Metesh, who has been working in the field for three decades, says the LaDuke ordeal was an “eye-opening” experience in realizing that pumping groundwater can impact hot springs. Today, Yellowstone Hot Springs, formerly LaDuke, is open to the public but experts like Metesh say the Universal and Triumphant controversy serves as an essential reminder of Yellowstone’s deep underground interconnectedness.
Geothermal features like those in western Montana are recharged by cold water that starts as mountain snowfall. As it melts, the water circulates below Earth’s surface, reaching depths of as far as 10,000 feet. When it’s super-heated deep underground, the water rises through fractured faults in a way that Metesh likens to a “big radiator.”
“If you’re creating an enhanced geothermal system you could inadvertently pull water from one region to another, accidentally impacting prized places in the park.”
Angela Seligman, senior geoscientist, Clean Air Task Force
Now, as the western U.S. eyes geothermal energy as a potential source of electricity, complications like those posed by the Church Universal and Triumphant are “always in the back of people’s minds,” says Angela Seligman, senior geoscientist at the nonprofit environmental organization Clean Air Task Force. Political boundaries, she says, do not define geothermal systems in the Rocky Mountains.
“If we’re thinking about the ecosystem around Yellowstone National Park, and especially if we’re thinking about either a conventional geothermal system or an enhanced geothermal system, you have to be very careful about the groundwater in those regions that may be tied to Yellowstone,” Seligman said. “From a geologic perspective, anywhere within that hydrological basin, if you’re creating an enhanced geothermal system you could inadvertently pull water from one region to another, accidentally impacting prized places in the park.”

Yellowstone, America’s first national park, contains the world’s largest concentration of geothermal features and roughly half of the world’s active geysers. More than 10,000 hot springs, geysers, mud pots and steam vents known as fumaroles make up the park’s hydrothermal system, which continues to change and evolve.

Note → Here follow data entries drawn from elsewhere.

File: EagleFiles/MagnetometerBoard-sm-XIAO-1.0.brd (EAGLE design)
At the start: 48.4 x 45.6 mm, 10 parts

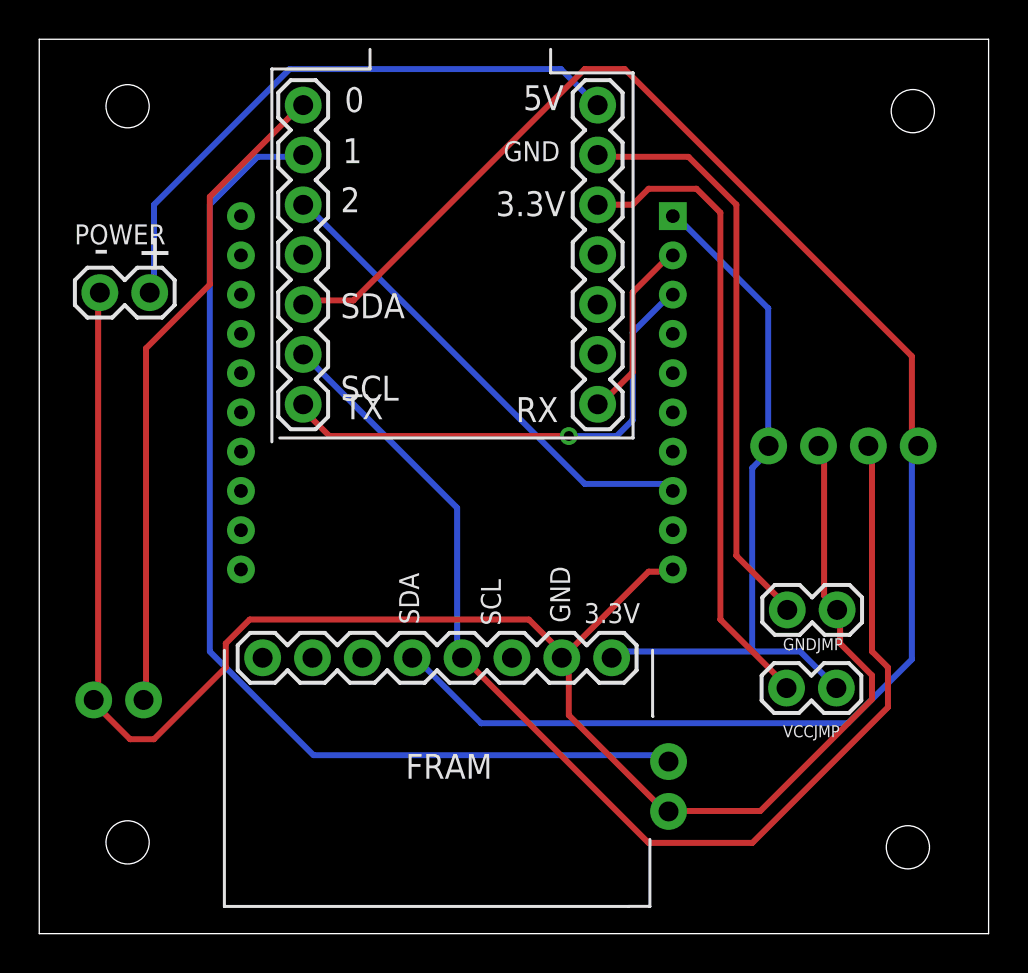
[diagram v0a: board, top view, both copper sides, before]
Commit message: 2ND ORDER PCBWAY
FRAM ORIANTATION AND CONNECTIONS FIXED
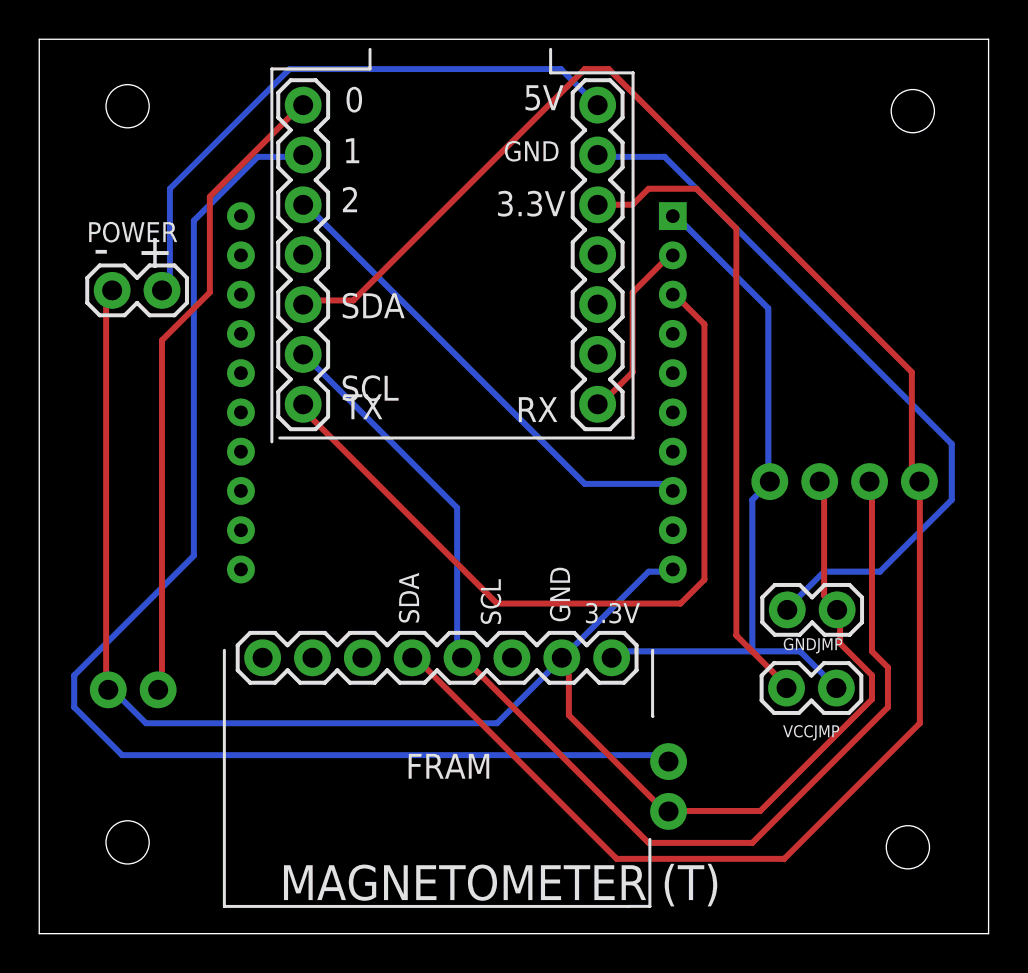
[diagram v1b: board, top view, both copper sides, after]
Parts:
- moved MAGT 1.82 mm to (34.2, 29.4)
- moved LED 0.90 mm to (3.06, 18.8)
- moved POWER 0.64 mm to (3.25, 39.1)
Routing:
- net N$3: track 25.4 -> 40.5 mm, vias 1 -> 0
- net N$11: track 54.3 -> 65.7 mm
- net N$8: track 29.8 -> 37.7 mm
- net N$7: track 86.1 -> 93.4 mm
- net GND: track 94.5 -> 88.6 mm
- net N$6: track 60.9 -> 59.1 mm
- net N$10: track 33.7 -> 32.9 mm
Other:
- board text added: "MAGNETOMETER (B)"
- board text added: "MAGNETOMETER (T)"

Creating an inventory of these features and how they connect is a first step in sustainably tapping into geothermal energy potential in areas outside of the park boundaries.
“To have geothermal projects around the Greater Yellowstone Ecosystem in a way that would not impact the important hydrothermal features found in the park, meticulous mapping would need to be done to ensure the depths where water is being cycled do not have any potential connections to those hydrothermal features,” Seligman said.
The U.S. Geological Survey reports on its website that these assessments are done through field observations, measurements from high-resolution airborne and commercial satellite images, and nighttime thermal infrared images.
Even with the expansion and advancement of geothermal energy, Seligman says it’s essential to consider the broader ecosystems at scale. This requires careful mapping of geological features in a given area and a thorough understanding of the hydrologic basin.

And Congress is the watchdog. The Geothermal Steam Act of 1970 prohibits drilling within the park and requires the Department of the Interior to preserve and monitor hydrothermal features on National Park Service lands. Although the areas surrounding Yellowstone also show potential for energy harnessing, experts warn that deeply connected nearby systems may be impacted in ways geologists don’t yet know. Geothermal developments can decrease flows in nearby geothermal features such as hot springs, and estimating how external drill sites could impact the region remains in question.
Officials have long been aware of the geothermal resources in Greater Yellowstone, but renewed interest and funding have prompted a deeper examination of potential development, Metesh says. Montana government officials are updating their inventory of cold and warm water wells across the state and plan to publish their findings next year.
The report’s conclusions could have significant implications for the future of geothermal energy in Montana and the Greater Yellowstone Ecosystem.